*WHAT THE TASK REQUIRES*. With the material below, print exactly the lines between the line holding "#147=LINE('',#146,#145);" and the line holding "#158=CARTESIAN_POINT('',(-29.5,1.,0.));", inclusive. Add nothing else.
** RECORDED DATA follows **
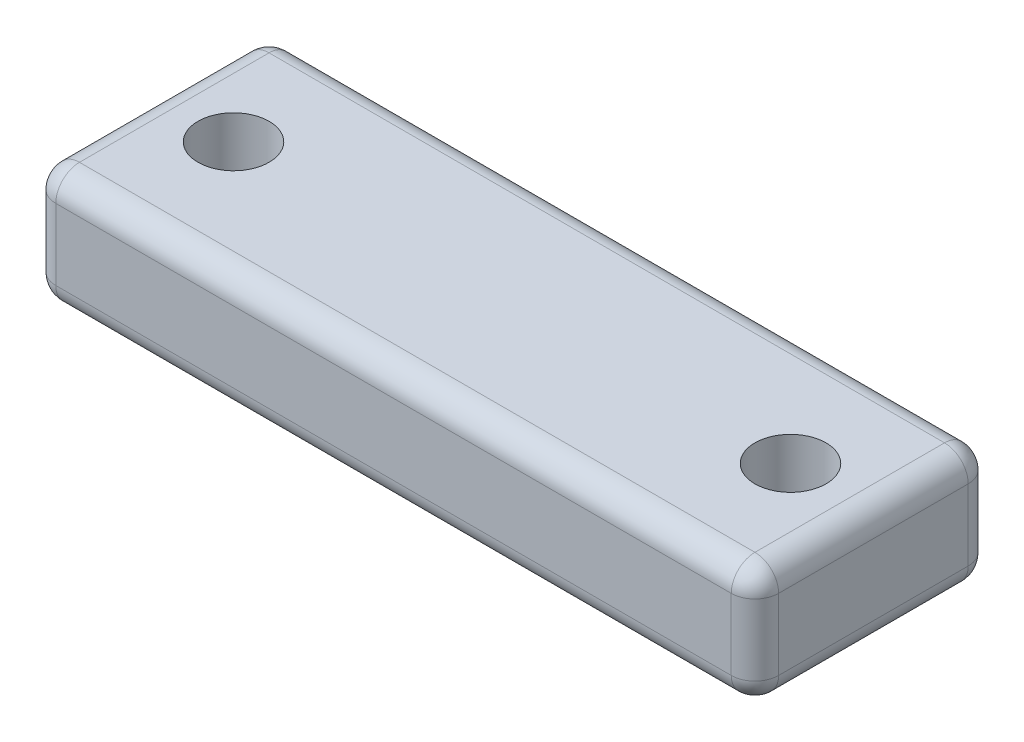
ISO-10303-21;
HEADER;
FILE_DESCRIPTION(('STEP AP214'),'2;1');
FILE_NAME('part.step','',(''),(''),'','','');
FILE_SCHEMA(('AUTOMOTIVE_DESIGN { 1 0 10303 214 1 1 1 1 }'));
ENDSEC;
DATA;
#1=APPLICATION_CONTEXT('core data for automotive mechanical design processes');
#2=APPLICATION_PROTOCOL_DEFINITION('international standard','automotive_design',2000,#1);
#3=PRODUCT_CONTEXT('',#1,'mechanical');
#4=PRODUCT('Part','Part','',(#3));
#5=PRODUCT_RELATED_PRODUCT_CATEGORY('part','',(#4));
#6=PRODUCT_DEFINITION_FORMATION('','',#4);
#7=PRODUCT_DEFINITION_CONTEXT('part definition',#1,'design');
#8=PRODUCT_DEFINITION('design','',#6,#7);
#9=PRODUCT_DEFINITION_SHAPE('','',#8);
#10=(LENGTH_UNIT() NAMED_UNIT(*) SI_UNIT(.MILLI.,.METRE.));
#11=(NAMED_UNIT(*) PLANE_ANGLE_UNIT() SI_UNIT($,.RADIAN.));
#12=(NAMED_UNIT(*) SI_UNIT($,.STERADIAN.) SOLID_ANGLE_UNIT());
#13=UNCERTAINTY_MEASURE_WITH_UNIT(LENGTH_MEASURE(1.E-05),#10,'distance_accuracy_value','');
#14=(GEOMETRIC_REPRESENTATION_CONTEXT(3) GLOBAL_UNCERTAINTY_ASSIGNED_CONTEXT((#13)) GLOBAL_UNIT_ASSIGNED_CONTEXT((#10,
#11,#12)) REPRESENTATION_CONTEXT('',''));
#15=CARTESIAN_POINT('',(0.,0.,0.));
#16=DIRECTION('',(0.,0.,1.));
#17=DIRECTION('',(1.,0.,0.));
#18=AXIS2_PLACEMENT_3D('',#15,#16,#17);
#19=CARTESIAN_POINT('',(0.,5.,0.));
#20=DIRECTION('',(-1.,0.,0.));
#21=DIRECTION('',(0.,0.,1.));
#22=AXIS2_PLACEMENT_3D('',#19,#20,#21);
#23=PLANE('',#22);
#24=DIRECTION('',(0.,0.,-1.));
#25=VECTOR('',#24,1.);
#26=CARTESIAN_POINT('',(0.,1.,0.));
#27=LINE('',#26,#25);
#28=CARTESIAN_POINT('',(0.,1.,-1.));
#29=VERTEX_POINT('',#28);
#30=CARTESIAN_POINT('',(0.,1.,-9.));
#31=VERTEX_POINT('',#30);
#32=EDGE_CURVE('E175',#29,#31,#27,.T.);
#33=ORIENTED_EDGE('',*,*,#32,.T.);
#34=DIRECTION('',(0.,-1.,0.));
#35=VECTOR('',#34,1.);
#36=CARTESIAN_POINT('',(0.,5.,-9.));
#37=LINE('',#36,#35);
#38=CARTESIAN_POINT('',(0.,4.,-9.));
#39=VERTEX_POINT('',#38);
#40=EDGE_CURVE('E180',#31,#39,#37,.F.);
#41=ORIENTED_EDGE('',*,*,#40,.T.);
#42=DIRECTION('',(0.,0.,-1.));
#43=VECTOR('',#42,1.);
#44=CARTESIAN_POINT('',(0.,4.,0.));
#45=LINE('',#44,#43);
#46=CARTESIAN_POINT('',(0.,4.,-1.));
#47=VERTEX_POINT('',#46);
#48=EDGE_CURVE('E177',#39,#47,#45,.F.);
#49=ORIENTED_EDGE('',*,*,#48,.T.);
#50=DIRECTION('',(0.,-1.,0.));
#51=VECTOR('',#50,1.);
#52=CARTESIAN_POINT('',(0.,5.,-1.));
#53=LINE('',#52,#51);
#54=EDGE_CURVE('E173',#47,#29,#53,.T.);
#55=ORIENTED_EDGE('',*,*,#54,.T.);
#56=EDGE_LOOP('',(#33,#41,#49,#55));
#57=FACE_BOUND('',#56,.T.);
#58=ADVANCED_FACE('F39',(#57),#23,.F.);
#59=CARTESIAN_POINT('',(0.,5.,-10.));
#60=DIRECTION('',(0.,0.,1.));
#61=DIRECTION('',(1.,0.,0.));
#62=AXIS2_PLACEMENT_3D('',#59,#60,#61);
#63=PLANE('',#62);
#64=DIRECTION('',(-1.,0.,0.));
#65=VECTOR('',#64,1.);
#66=CARTESIAN_POINT('',(0.,4.,-10.));
#67=LINE('',#66,#65);
#68=CARTESIAN_POINT('',(-29.5,4.,-10.));
#69=VERTEX_POINT('',#68);
#70=CARTESIAN_POINT('',(-1.,4.,-10.));
#71=VERTEX_POINT('',#70);
#72=EDGE_CURVE('E195',#69,#71,#67,.F.);
#73=ORIENTED_EDGE('',*,*,#72,.T.);
#74=DIRECTION('',(0.,-1.,0.));
#75=VECTOR('',#74,1.);
#76=CARTESIAN_POINT('',(-1.,5.,-10.));
#77=LINE('',#76,#75);
#78=CARTESIAN_POINT('',(-1.,1.,-10.));
#79=VERTEX_POINT('',#78);
#80=EDGE_CURVE('E197',#71,#79,#77,.T.);
#81=ORIENTED_EDGE('',*,*,#80,.T.);
#82=DIRECTION('',(-1.,0.,0.));
#83=VECTOR('',#82,1.);
#84=CARTESIAN_POINT('',(0.,1.,-10.));
#85=LINE('',#84,#83);
#86=CARTESIAN_POINT('',(-29.5,1.,-10.));
#87=VERTEX_POINT('',#86);
#88=EDGE_CURVE('E193',#79,#87,#85,.T.);
#89=ORIENTED_EDGE('',*,*,#88,.T.);
#90=DIRECTION('',(0.,-1.,0.));
#91=VECTOR('',#90,1.);
#92=CARTESIAN_POINT('',(-29.5,5.,-10.));
#93=LINE('',#92,#91);
#94=EDGE_CURVE('E191',#87,#69,#93,.F.);
#95=ORIENTED_EDGE('',*,*,#94,.T.);
#96=EDGE_LOOP('',(#73,#81,#89,#95));
#97=FACE_BOUND('',#96,.T.);
#98=ADVANCED_FACE('F298',(#97),#63,.F.);
#99=CARTESIAN_POINT('',(-30.5,5.,0.));
#100=DIRECTION('',(1.,0.,0.));
#101=DIRECTION('',(0.,0.,-1.));
#102=AXIS2_PLACEMENT_3D('',#99,#100,#101);
#103=PLANE('',#102);
#104=DIRECTION('',(0.,0.,1.));
#105=VECTOR('',#104,1.);
#106=CARTESIAN_POINT('',(-30.5,4.,-10.));
#107=LINE('',#106,#105);
#108=CARTESIAN_POINT('',(-30.5,4.,-0.999999999999997));
#109=VERTEX_POINT('',#108);
#110=CARTESIAN_POINT('',(-30.5,4.,-9.));
#111=VERTEX_POINT('',#110);
#112=EDGE_CURVE('E145',#109,#111,#107,.F.);
#113=ORIENTED_EDGE('',*,*,#112,.T.);
#114=DIRECTION('',(0.,-1.,0.));
#115=VECTOR('',#114,1.);
#116=CARTESIAN_POINT('',(-30.5,5.,-9.));
#117=LINE('',#116,#115);
#118=CARTESIAN_POINT('',(-30.5,1.,-9.));
#119=VERTEX_POINT('',#118);
#120=EDGE_CURVE('E205',#111,#119,#117,.T.);
#121=ORIENTED_EDGE('',*,*,#120,.T.);
#122=DIRECTION('',(0.,0.,1.));
#123=VECTOR('',#122,1.);
#124=CARTESIAN_POINT('',(-30.5,1.,0.));
#125=LINE('',#124,#123);
#126=CARTESIAN_POINT('',(-30.5,1.,-0.999999999999997));
#127=VERTEX_POINT('',#126);
#128=EDGE_CURVE('E202',#119,#127,#125,.T.);
#129=ORIENTED_EDGE('',*,*,#128,.T.);
#130=DIRECTION('',(0.,-1.,0.));
#131=VECTOR('',#130,1.);
#132=CARTESIAN_POINT('',(-30.5,5.,-0.999999999999997));
#133=LINE('',#132,#131);
#134=EDGE_CURVE('E200',#127,#109,#133,.F.);
#135=ORIENTED_EDGE('',*,*,#134,.T.);
#136=EDGE_LOOP('',(#113,#121,#129,#135));
#137=FACE_BOUND('',#136,.T.);
#138=ADVANCED_FACE('F294',(#137),#103,.F.);
#139=CARTESIAN_POINT('',(0.,5.,0.));
#140=DIRECTION('',(0.,0.,-1.));
#141=DIRECTION('',(-1.,0.,0.));
#142=AXIS2_PLACEMENT_3D('',#139,#140,#141);
#143=PLANE('',#142);
#144=DIRECTION('',(1.,0.,0.));
#145=VECTOR('',#144,1.);
#146=CARTESIAN_POINT('',(-30.5,4.,0.));
#147=LINE('',#146,#145);
#148=CARTESIAN_POINT('',(-1.,4.,0.));
#149=VERTEX_POINT('',#148);
#150=CARTESIAN_POINT('',(-29.5,4.,0.));
#151=VERTEX_POINT('',#150);
#152=EDGE_CURVE('E48',#149,#151,#147,.F.);
#153=ORIENTED_EDGE('',*,*,#152,.T.);
#154=DIRECTION('',(0.,-1.,0.));
#155=VECTOR('',#154,1.);
#156=CARTESIAN_POINT('',(-29.5,5.,0.));
#157=LINE('',#156,#155);
#158=CARTESIAN_POINT('',(-29.5,1.,0.));
#159=VERTEX_POINT('',#158);
#160=EDGE_CURVE('E11',#151,#159,#157,.T.);
#161=ORIENTED_EDGE('',*,*,#160,.T.);
#162=DIRECTION('',(1.,0.,0.));
#163=VECTOR('',#162,1.);
#164=CARTESIAN_POINT('',(0.,1.,0.));
#165=LINE('',#164,#163);
#166=CARTESIAN_POINT('',(-1.,1.,0.));
#167=VERTEX_POINT('',#166);
#168=EDGE_CURVE('E208',#159,#167,#165,.T.);
#169=ORIENTED_EDGE('',*,*,#168,.T.);
#170=DIRECTION('',(0.,-1.,0.));
#171=VECTOR('',#170,1.);
#172=CARTESIAN_POINT('',(-1.,5.,0.));
#173=LINE('',#172,#171);
#174=EDGE_CURVE('E59',#167,#149,#173,.F.);
#175=ORIENTED_EDGE('',*,*,#174,.T.);
#176=EDGE_LOOP('',(#153,#161,#169,#175));
#177=FACE_BOUND('',#176,.T.);
#178=ADVANCED_FACE('F286',(#177),#143,.F.);
#179=CARTESIAN_POINT('',(0.,5.,0.));
#180=DIRECTION('',(0.,1.,0.));
#181=DIRECTION('',(0.,0.,1.));
#182=AXIS2_PLACEMENT_3D('',#179,#180,#181);
#183=PLANE('',#182);
#184=DIRECTION('',(1.,0.,0.));
#185=VECTOR('',#184,1.);
#186=CARTESIAN_POINT('',(0.,5.,-1.));
#187=LINE('',#186,#185);
#188=CARTESIAN_POINT('',(-29.5,5.,-0.999999999999997));
#189=VERTEX_POINT('',#188);
#190=CARTESIAN_POINT('',(-1.,5.,-1.));
#191=VERTEX_POINT('',#190);
#192=EDGE_CURVE('E132',#189,#191,#187,.T.);
#193=ORIENTED_EDGE('',*,*,#192,.T.);
#194=DIRECTION('',(0.,0.,-1.));
#195=VECTOR('',#194,1.);
#196=CARTESIAN_POINT('',(-1.,5.,-10.));
#197=LINE('',#196,#195);
#198=CARTESIAN_POINT('',(-1.,5.,-9.));
#199=VERTEX_POINT('',#198);
#200=EDGE_CURVE('E171',#191,#199,#197,.T.);
#201=ORIENTED_EDGE('',*,*,#200,.T.);
#202=DIRECTION('',(-1.,0.,0.));
#203=VECTOR('',#202,1.);
#204=CARTESIAN_POINT('',(-30.5,5.,-9.));
#205=LINE('',#204,#203);
#206=CARTESIAN_POINT('',(-29.5,5.,-9.));
#207=VERTEX_POINT('',#206);
#208=EDGE_CURVE('E135',#199,#207,#205,.T.);
#209=ORIENTED_EDGE('',*,*,#208,.T.);
#210=DIRECTION('',(0.,0.,1.));
#211=VECTOR('',#210,1.);
#212=CARTESIAN_POINT('',(-29.5,5.,0.));
#213=LINE('',#212,#211);
#214=EDGE_CURVE('E126',#207,#189,#213,.T.);
#215=ORIENTED_EDGE('',*,*,#214,.T.);
#216=EDGE_LOOP('',(#193,#201,#209,#215));
#217=FACE_BOUND('',#216,.T.);
#218=CARTESIAN_POINT('',(-27.,5.,-5.));
#219=DIRECTION('',(0.,1.,0.));
#220=DIRECTION('',(0.,0.,1.));
#221=AXIS2_PLACEMENT_3D('',#218,#219,#220);
#222=CIRCLE('',#221,1.5);
#223=CARTESIAN_POINT('',(-27.,5.,-3.5));
#224=VERTEX_POINT('',#223);
#225=EDGE_CURVE('E163',#224,#224,#222,.T.);
#226=ORIENTED_EDGE('',*,*,#225,.F.);
#227=EDGE_LOOP('',(#226));
#228=FACE_BOUND('',#227,.T.);
#229=CARTESIAN_POINT('',(-3.5,5.,-5.));
#230=DIRECTION('',(0.,1.,0.));
#231=DIRECTION('',(0.,0.,1.));
#232=AXIS2_PLACEMENT_3D('',#229,#230,#231);
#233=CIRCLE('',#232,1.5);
** End of RECORDED DATA **
*SOLUTION*.
#147=LINE('',#146,#145);
#148=CARTESIAN_POINT('',(-1.,4.,0.));
#149=VERTEX_POINT('',#148);
#150=CARTESIAN_POINT('',(-29.5,4.,0.));
#151=VERTEX_POINT('',#150);
#152=EDGE_CURVE('E48',#149,#151,#147,.F.);
#153=ORIENTED_EDGE('',*,*,#152,.T.);
#154=DIRECTION('',(0.,-1.,0.));
#155=VECTOR('',#154,1.);
#156=CARTESIAN_POINT('',(-29.5,5.,0.));
#157=LINE('',#156,#155);
#158=CARTESIAN_POINT('',(-29.5,1.,0.));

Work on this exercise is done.